A class act
Morgan Freeman has had three Oscar nominations. He doesn't get work just because he's black. And he can't need the money... So why, asks Janie Lawrence, is he playing a black factotum in a dire `Moll Flanders'?
Thursday 08 May 1997
How then does one ask someone of his stature whatever possessed him to go within a hundred miles of his latest project, a big-screen version of Moll Flanders so comprehensively dire it could almost convince me that our own home-grown telly adaptation (starring Alex Kingston) should be filed immediately under chef d'uvre. So, I say, somewhat obliquely, isn't this part, erm, something of a departure for you? "I wouldn't call it that," he replies. "I don't have a normal set of parameters for the work that I do. I like things that are off the beaten path and Moll was definitely that. The general consensus seems to be that black people didn't show up until around slavery time in the 1800s. Pen Densham [the film's writer/director] knows better."

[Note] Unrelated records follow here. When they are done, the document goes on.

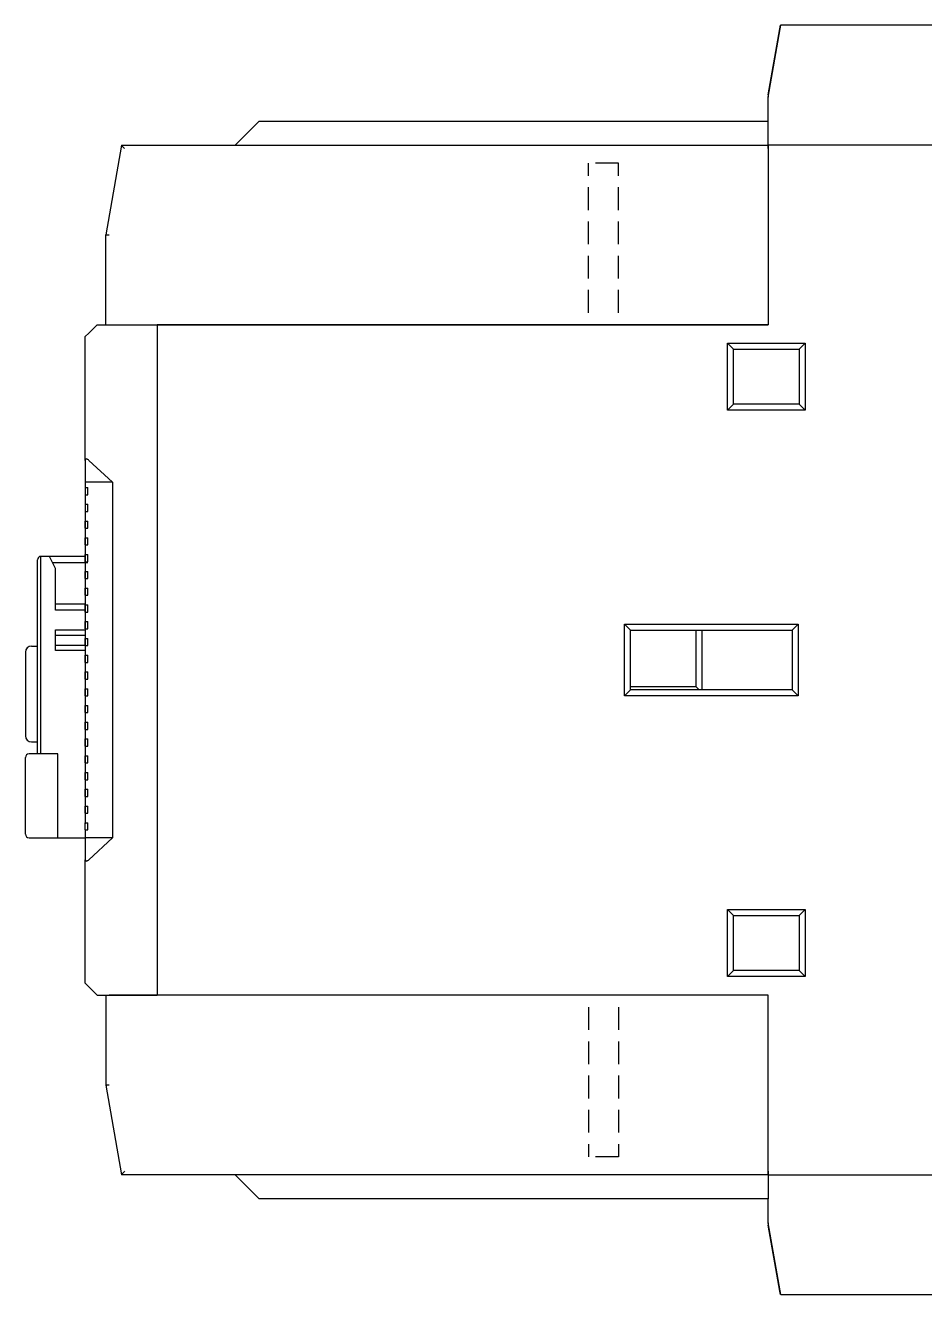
# Model space of a CAD drawing. Header units: millimetres. Extents: x -2535 to -2141, y -1417 to -1300.
# Drawn here: x -2413.8 to -2338.7, y -1411.8 to -1305.8 of the extents above; entities that cross this region are included whole.
import ezdxf

# ---------------------------------------------------------------- set-up
doc = ezdxf.new("R2010")
doc.units = ezdxf.units.MM
doc.linetypes.add('HIDDEN', pattern=[9.525, 6.35, -3.175])
doc.layers.add('도면층1', color=3, linetype='Continuous')

msp = doc.modelspace()

# ---------------------------------------------------------------- linework, layer by layer
at = {"color": 7, "linetype": 'Continuous'}
for p, q in [((-2350.79, -1306.1), (-2350.74, -1305.8)), ((-2350.76, -1306.1), (-2350.7, -1305.8)), ((-2350.7, -1305.8), (-2350.74, -1305.8)), ((-2302.76, -1305.8), (-2350.7, -1305.8)), ((-2351.76, -1311.6), (-2350.79, -1306.1)), ((-2351.76, -1311.8), (-2350.76, -1306.1)), ((-2351.76, -1311.6), (-2351.76, -1311.8)), ((-2351.76, -1313.8), (-2351.76, -1311.8)), ((-2394.26, -1313.8), (-2396.26, -1315.8)), ((-2394.26, -1313.8), (-2351.76, -1313.8)), ((-2351.76, -1315.8), (-2351.76, -1313.8)), ((-2405.74, -1315.8), (-2407.06, -1323.3)), ((-2405.74, -1315.8), (-2351.76, -1315.8)), ((-2405.74, -1315.8), (-2351.76, -1315.8)), ((-2351.76, -1315.8), (-2351.76, -1315.82)), ((-2334.76, -1315.8), (-2351.76, -1315.8)), ((-2351.76, -1315.82), (-2351.76, -1315.8)), ((-2351.76, -1315.82), (-2351.76, -1315.86)), ((-2351.76, -1315.86), (-2351.76, -1315.82)), ((-2351.76, -1315.86), (-2351.76, -1315.9)), ((-2351.76, -1315.9), (-2351.76, -1315.86)), ((-2351.76, -1315.9), (-2351.76, -1315.93)), ((-2351.76, -1315.93), (-2351.76, -1315.9)), ((-2351.76, -1315.93), (-2351.76, -1316.01)), ((-2351.76, -1316.01), (-2351.76, -1315.93)), ((-2351.76, -1316.01), (-2351.76, -1316.1)), ((-2351.76, -1316.1), (-2351.76, -1316.01)), ((-2351.76, -1316.1), (-2351.76, -1330.8)), ((-2351.76, -1316.1), (-2351.76, -1330.8)), ((-2407.06, -1330.8), (-2407.06, -1323.3)), ((-2407.06, -1330.8), (-2407.06, -1323.3)), ((-2407.76, -1330.8), (-2408.46, -1331.5)), ((-2407.76, -1330.8), (-2407.06, -1330.8)), ((-2407.06, -1330.8), (-2406.76, -1330.8)), ((-2406.76, -1330.8), (-2402.76, -1330.8)), ((-2406.76, -1330.8), (-2402.76, -1330.8)), ((-2402.76, -1330.8), (-2351.76, -1330.8)), ((-2402.76, -1330.8), (-2402.76, -1386.8)), ((-2402.76, -1330.8), (-2402.76, -1386.8)), ((-2351.76, -1330.8), (-2402.76, -1330.8)), ((-2408.76, -1331.8), (-2408.46, -1331.5)), ((-2408.76, -1342.13), (-2408.76, -1331.8)), ((-2408.76, -1342.13), (-2408.76, -1331.8)), ((-2355.16, -1332.35), (-2354.66, -1332.85)), ((-2355.16, -1337.95), (-2355.16, -1332.35)), ((-2355.16, -1332.35), (-2348.66, -1332.35)), ((-2348.66, -1332.35), (-2349.16, -1332.85)), ((-2348.66, -1332.35), (-2348.66, -1337.95)), ((-2354.66, -1332.85), (-2349.16, -1332.85)), ((-2354.66, -1337.45), (-2354.66, -1332.85)), ((-2349.16, -1332.85), (-2349.16, -1337.45)), ((-2355.16, -1337.95), (-2354.66, -1337.45)), ((-2349.16, -1337.45), (-2354.66, -1337.45)), ((-2348.66, -1337.95), (-2349.16, -1337.45)), ((-2348.66, -1337.95), (-2355.16, -1337.95)), ((-2408.76, -1342.13), (-2408.76, -1343.95)), ((-2408.46, -1342.13), (-2406.5, -1343.95)), ((-2408.76, -1343.95), (-2408.76, -1344.4)), ((-2406.5, -1343.95), (-2408.76, -1343.95)), ((-2406.5, -1343.95), (-2406.5, -1373.65)), ((-2408.76, -1344.4), (-2408.76, -1345)), ((-2408.76, -1344.4), (-2408.56, -1344.4)), ((-2408.76, -1345), (-2408.76, -1345.8)), ((-2408.76, -1345), (-2408.56, -1345)), ((-2408.56, -1345), (-2408.56, -1344.4)), ((-2408.76, -1345.8), (-2408.76, -1346.1)), ((-2408.76, -1345.8), (-2408.56, -1345.8)), ((-2408.76, -1346.1), (-2408.76, -1346.4)), ((-2408.56, -1346.4), (-2408.56, -1345.8)), ((-2408.76, -1346.4), (-2408.76, -1347.2)), ((-2408.76, -1346.4), (-2408.56, -1346.4)), ((-2408.76, -1347.8), (-2408.76, -1347.2)), ((-2408.76, -1347.2), (-2408.56, -1347.2)), ((-2408.56, -1347.8), (-2408.56, -1347.2)), ((-2408.76, -1347.8), (-2408.76, -1348.6)), ((-2408.76, -1347.8), (-2408.56, -1347.8)), ((-2408.76, -1349.2), (-2408.76, -1348.6)), ((-2408.76, -1348.6), (-2408.56, -1348.6)), ((-2408.76, -1349.2), (-2408.76, -1350)), ((-2408.76, -1349.2), (-2408.56, -1349.2)), ((-2408.56, -1349.2), (-2408.56, -1348.6)), ((-2412.46, -1366.65), (-2412.46, -1350.15)), ((-2408.76, -1350.15), (-2412.46, -1350.15)), ((-2411.26, -1351.15), (-2411.76, -1350.15)), ((-2408.76, -1350.6), (-2408.76, -1350)), ((-2408.76, -1350), (-2408.56, -1350)), ((-2408.56, -1350.6), (-2408.56, -1350)), ((-2412.76, -1366.65), (-2412.76, -1350.45)), ((-2411.51, -1350.65), (-2408.56, -1350.65)), ((-2411.26, -1354.65), (-2411.26, -1351.15)), ((-2408.76, -1350.6), (-2408.76, -1351.4)), ((-2408.76, -1350.6), (-2408.56, -1350.6)), ((-2408.76, -1352), (-2408.76, -1351.4)), ((-2408.76, -1351.4), (-2408.56, -1351.4)), ((-2408.56, -1352), (-2408.56, -1351.4)), ((-2408.76, -1352), (-2408.76, -1352.8)), ((-2408.76, -1352), (-2408.56, -1352)), ((-2408.76, -1353.4), (-2408.76, -1352.8)), ((-2408.76, -1352.8), (-2408.56, -1352.8)), ((-2408.76, -1353.4), (-2408.76, -1354.2)), ((-2408.76, -1353.4), (-2408.56, -1353.4)), ((-2408.56, -1353.4), (-2408.56, -1352.8)), ((-2408.76, -1354.15), (-2411.26, -1354.15)), ((-2408.76, -1354.65), (-2411.26, -1354.65)), ((-2408.76, -1354.8), (-2408.76, -1354.2)), ((-2408.76, -1354.2), (-2408.56, -1354.2)), ((-2408.56, -1354.8), (-2408.56, -1354.2)), ((-2408.76, -1354.8), (-2408.76, -1355.6)), ((-2408.76, -1354.8), (-2408.56, -1354.8)), ((-2408.76, -1356.2), (-2408.76, -1355.6)), ((-2408.76, -1355.6), (-2408.56, -1355.6)), ((-2408.56, -1356.2), (-2408.56, -1355.6)), ((-2411.26, -1358.02), (-2411.26, -1356.29)), ((-2411.26, -1356.29), (-2408.76, -1356.29)), ((-2411.26, -1356.72), (-2408.76, -1356.72)), ((-2408.76, -1356.2), (-2408.76, -1357)), ((-2408.76, -1356.2), (-2408.56, -1356.2)), ((-2363.76, -1355.8), (-2349.26, -1355.8)), ((-2363.76, -1361.8), (-2363.76, -1355.8)), ((-2363.76, -1355.8), (-2363.26, -1356.3)), ((-2363.26, -1361.3), (-2363.26, -1356.3)), ((-2363.26, -1356.3), (-2349.76, -1356.3)), ((-2357.76, -1361.05), (-2357.76, -1356.3)), ((-2357.26, -1361.3), (-2357.26, -1356.3)), ((-2349.26, -1355.8), (-2349.76, -1356.3)), ((-2349.76, -1356.3), (-2349.76, -1361.3)), ((-2349.26, -1355.8), (-2349.26, -1361.8)), ((-2413.26, -1357.65), (-2412.76, -1357.65)), ((-2408.76, -1357.59), (-2411.26, -1357.59)), ((-2408.76, -1357.6), (-2408.76, -1357)), ((-2408.76, -1357), (-2408.56, -1357)), ((-2408.76, -1357.6), (-2408.76, -1358.4)), ((-2408.76, -1357.6), (-2408.56, -1357.6)), ((-2408.56, -1357.6), (-2408.56, -1357)), ((-2413.76, -1358.15), (-2413.76, -1365.15)), ((-2408.76, -1358.02), (-2411.26, -1358.02)), ((-2408.76, -1359), (-2408.76, -1358.4)), ((-2408.76, -1358.4), (-2408.56, -1358.4)), ((-2408.56, -1359), (-2408.56, -1358.4)), ((-2408.76, -1359), (-2408.76, -1359.8)), ((-2408.76, -1359), (-2408.56, -1359)), ((-2408.76, -1360.4), (-2408.76, -1359.8)), ((-2408.76, -1359.8), (-2408.56, -1359.8)), ((-2408.56, -1360.4), (-2408.56, -1359.8)), ((-2408.76, -1360.4), (-2408.76, -1361.2)), ((-2408.76, -1360.4), (-2408.56, -1360.4)), ((-2408.76, -1361.8), (-2408.76, -1361.2)), ((-2408.76, -1361.2), (-2408.56, -1361.2)), ((-2408.76, -1361.8), (-2408.76, -1362.6)), ((-2408.76, -1361.8), (-2408.56, -1361.8)), ((-2408.56, -1361.8), (-2408.56, -1361.2)), ((-2363.76, -1361.8), (-2363.26, -1361.3)), ((-2349.26, -1361.8), (-2363.76, -1361.8)), ((-2357.76, -1361.05), (-2363.26, -1361.05)), ((-2349.76, -1361.3), (-2363.26, -1361.3)), ((-2357.51, -1361.3), (-2357.76, -1361.05)), ((-2349.26, -1361.8), (-2349.76, -1361.3)), ((-2408.76, -1363.2), (-2408.76, -1362.6)), ((-2408.76, -1362.6), (-2408.56, -1362.6)), ((-2408.56, -1363.2), (-2408.56, -1362.6)), ((-2408.76, -1363.2), (-2408.76, -1364)), ((-2408.76, -1363.2), (-2408.56, -1363.2)), ((-2408.76, -1364.6), (-2408.76, -1364)), ((-2408.76, -1364), (-2408.56, -1364)), ((-2408.56, -1364.6), (-2408.56, -1364)), ((-2408.76, -1364.6), (-2408.76, -1365.4)), ((-2408.76, -1364.6), (-2408.56, -1364.6)), ((-2413.26, -1365.65), (-2412.76, -1365.65)), ((-2408.76, -1366), (-2408.76, -1365.4)), ((-2408.76, -1365.4), (-2408.56, -1365.4)), ((-2408.76, -1366), (-2408.76, -1366.8)), ((-2408.76, -1366), (-2408.56, -1366)), ((-2408.56, -1366), (-2408.56, -1365.4)), ((-2413.76, -1373.35), (-2413.76, -1366.95)), ((-2411.06, -1366.65), (-2413.46, -1366.65)), ((-2411.06, -1373.65), (-2411.06, -1366.65)), ((-2408.76, -1367.4), (-2408.76, -1366.8)), ((-2408.76, -1366.8), (-2408.56, -1366.8)), ((-2408.56, -1367.4), (-2408.56, -1366.8)), ((-2408.76, -1367.4), (-2408.76, -1368.2)), ((-2408.76, -1367.4), (-2408.56, -1367.4)), ((-2408.76, -1368.8), (-2408.76, -1368.2)), ((-2408.76, -1368.2), (-2408.56, -1368.2)), ((-2408.56, -1368.8), (-2408.56, -1368.2)), ((-2408.76, -1368.8), (-2408.76, -1369.6)), ((-2408.76, -1368.8), (-2408.56, -1368.8)), ((-2408.76, -1370.2), (-2408.76, -1369.6)), ((-2408.76, -1369.6), (-2408.56, -1369.6)), ((-2408.76, -1370.2), (-2408.76, -1371)), ((-2408.76, -1370.2), (-2408.56, -1370.2)), ((-2408.56, -1370.2), (-2408.56, -1369.6)), ((-2408.76, -1371.6), (-2408.76, -1371)), ((-2408.76, -1371), (-2408.56, -1371)), ((-2408.76, -1371.6), (-2408.76, -1372.4)), ((-2408.76, -1371.6), (-2408.56, -1371.6)), ((-2408.56, -1371.6), (-2408.56, -1371)), ((-2408.76, -1373), (-2408.76, -1372.4)), ((-2408.76, -1372.4), (-2408.56, -1372.4)), ((-2408.56, -1373), (-2408.56, -1372.4)), ((-2413.46, -1373.65), (-2408.76, -1373.65)), ((-2408.76, -1373), (-2408.76, -1373.65)), ((-2408.76, -1373), (-2408.56, -1373)), ((-2408.76, -1373.65), (-2408.76, -1375.48)), ((-2406.5, -1373.65), (-2408.76, -1373.65)), ((-2406.5, -1373.65), (-2408.46, -1375.48)), ((-2408.76, -1385.8), (-2408.76, -1375.48)), ((-2408.76, -1385.8), (-2408.76, -1375.48)), ((-2355.16, -1385.25), (-2355.16, -1379.65)), ((-2355.16, -1379.65), (-2348.66, -1379.65)), ((-2355.16, -1379.65), (-2354.66, -1380.15)), ((-2348.66, -1379.65), (-2349.16, -1380.15)), ((-2348.66, -1379.65), (-2348.66, -1385.25)), ((-2354.66, -1380.15), (-2349.16, -1380.15)), ((-2354.66, -1384.75), (-2354.66, -1380.15)), ((-2349.16, -1380.15), (-2349.16, -1384.75)), ((-2355.16, -1385.25), (-2354.66, -1384.75)), ((-2348.66, -1385.25), (-2355.16, -1385.25)), ((-2349.16, -1384.75), (-2354.66, -1384.75)), ((-2348.66, -1385.25), (-2349.16, -1384.75)), ((-2408.46, -1386.1), (-2408.76, -1385.8)), ((-2408.46, -1386.1), (-2407.76, -1386.8)), ((-2407.76, -1386.8), (-2407.06, -1386.8)), ((-2407.06, -1386.8), (-2407.06, -1394.3)), ((-2407.06, -1386.8), (-2406.76, -1386.8)), ((-2402.76, -1386.8), (-2406.76, -1386.8)), ((-2406.76, -1386.8), (-2402.76, -1386.8)), ((-2351.76, -1386.8), (-2402.76, -1386.8)), ((-2351.76, -1386.8), (-2402.76, -1386.8)), ((-2351.76, -1401.5), (-2351.76, -1386.8)), ((-2351.76, -1401.5), (-2351.76, -1386.8)), ((-2407.06, -1394.3), (-2405.74, -1401.8)), ((-2351.76, -1401.8), (-2405.74, -1401.8)), ((-2351.76, -1401.8), (-2405.74, -1401.8)), ((-2396.26, -1401.8), (-2394.26, -1403.8)), ((-2351.76, -1401.5), (-2351.76, -1401.6)), ((-2351.76, -1401.6), (-2351.76, -1401.5)), ((-2351.76, -1401.6), (-2351.76, -1401.68)), ((-2351.76, -1401.68), (-2351.76, -1401.6)), ((-2351.76, -1401.68), (-2351.76, -1401.71)), ((-2351.76, -1401.71), (-2351.76, -1401.68)), ((-2351.76, -1401.71), (-2351.76, -1401.75)), ((-2351.76, -1401.75), (-2351.76, -1401.71)), ((-2351.76, -1401.75), (-2351.76, -1401.79)), ((-2351.76, -1401.79), (-2351.76, -1401.75)), ((-2351.76, -1401.79), (-2351.76, -1401.8)), ((-2351.76, -1401.8), (-2351.76, -1401.79)), ((-2351.76, -1401.8), (-2351.76, -1403.8)), ((-2351.76, -1401.8), (-2334.76, -1401.8)), ((-2351.76, -1403.8), (-2394.26, -1403.8)), ((-2351.76, -1405.8), (-2351.76, -1403.8)), ((-2351.76, -1405.8), (-2351.76, -1406)), ((-2350.76, -1411.5), (-2351.76, -1405.8)), ((-2350.79, -1411.51), (-2351.76, -1406)), ((-2350.74, -1411.8), (-2350.79, -1411.51)), ((-2350.7, -1411.8), (-2350.76, -1411.5)), ((-2350.7, -1411.8), (-2350.74, -1411.8)), ((-2350.7, -1411.8), (-2302.76, -1411.8))]:
    msp.add_line(p, q, dxfattribs=at)
at = {"color": 7, "linetype": 'HIDDEN', "ltscale": 0.3}
for p, q in [((-2364.26, -1317.3), (-2366.76, -1317.3)), ((-2366.76, -1329.8), (-2366.76, -1317.3)), ((-2364.26, -1329.8), (-2364.26, -1317.3)), ((-2366.76, -1387.8), (-2366.76, -1400.3)), ((-2364.26, -1387.8), (-2364.26, -1400.3)), ((-2364.26, -1400.3), (-2366.76, -1400.3))]:
    msp.add_line(p, q, dxfattribs=at)
at = {"color": 7, "linetype": 'Continuous'}
for centre, radius, start, end in [((-2412.46, -1350.45), 0.3, 90, 180), ((-2413.26, -1358.15), 0.5, 90, 180), ((-2413.26, -1365.15), 0.5, 180, 270), ((-2413.46, -1366.95), 0.3, 90, 180), ((-2413.46, -1373.35), 0.3, 180, 270)]:
    msp.add_arc(centre, radius, start, end, dxfattribs=at)
for points, knots in [([(-2405.74, -1315.8), (-2405.73, -1315.81), (-2405.71, -1315.83), (-2405.67, -1315.88), (-2405.62, -1315.95), (-2405.55, -1316.02), (-2405.51, -1316.08), (-2405.49, -1316.1)], [0, 0, 0, 0, 0.0262851, 0.0923215, 0.1825971, 0.285643, 0.3916222, 0.3916222, 0.3916222, 0.3916222]), ([(-2406.76, -1323.33), (-2406.8, -1323.33), (-2406.87, -1323.32), (-2406.96, -1323.31), (-2407.02, -1323.31), (-2407.05, -1323.31), (-2407.06, -1323.3)], [0, 0, 0, 0, 0.1150262, 0.212718, 0.2781328, 0.301146, 0.301146, 0.301146, 0.301146]), ([(-2408.46, -1342.13), (-2408.49, -1342.11), (-2408.53, -1342.07), (-2408.6, -1342.03), (-2408.67, -1342.01), (-2408.73, -1342.03), (-2408.76, -1342.07), (-2408.76, -1342.11), (-2408.76, -1342.13)], [0, 0, 0, 0, 0.0978068, 0.1818036, 0.2467829, 0.2962552, 0.3456047, 0.408021, 0.408021, 0.408021, 0.408021]), ([(-2408.76, -1375.48), (-2408.76, -1375.5), (-2408.76, -1375.53), (-2408.73, -1375.58), (-2408.67, -1375.6), (-2408.6, -1375.58), (-2408.53, -1375.54), (-2408.49, -1375.5), (-2408.46, -1375.48)], [0, 0, 0, 0, 0.0613402, 0.1112369, 0.1609668, 0.2251705, 0.3086536, 0.4080156, 0.4080156, 0.4080156, 0.4080156]), ([(-2407.06, -1394.3), (-2407.05, -1394.3), (-2407.02, -1394.3), (-2406.96, -1394.3), (-2406.87, -1394.29), (-2406.8, -1394.28), (-2406.76, -1394.28)], [0, 0, 0, 0, 0.0230131, 0.088428, 0.1861198, 0.301146, 0.301146, 0.301146, 0.301146]), ([(-2405.49, -1401.5), (-2405.51, -1401.53), (-2405.55, -1401.59), (-2405.62, -1401.66), (-2405.67, -1401.73), (-2405.71, -1401.77), (-2405.73, -1401.8), (-2405.74, -1401.8)], [0, 0, 0, 0, 0.1059792, 0.209025, 0.2993007, 0.3653371, 0.3916222, 0.3916222, 0.3916222, 0.3916222])]:
    msp.add_open_spline(points, degree=3, knots=knots, dxfattribs=at)
at = {"layer": '도면층1', "color": 7, "linetype": 'Continuous'}
for p, q in [((-2408.76, -1345.13), (-2408.76, -1346.8)), ((-2408.76, -1346.8), (-2408.76, -1370.8)), ((-2408.76, -1370.8), (-2408.76, -1372.48))]:
    msp.add_line(p, q, dxfattribs=at)

doc.saveas('drawing.dxf')

It was after they had worked together on Robin Hood, Prince of Thieves that Densham offered Freeman the part of Hubbie, servant and friend to Moll. But opting to play the archetypal black factotum is not something we've come to expect of Freeman. "If a good slave part comes along, I'll play it," he says casually. Yet, while he has little time for political correctness, it's not something he can completely ignore. "You do have to worry about it," he says, "because it gets to be an extreme situation when it gets out of hand. I think it's all been overblown. Sexual harassment, racial what-have-you - it's getting a bit tricky just to negotiate."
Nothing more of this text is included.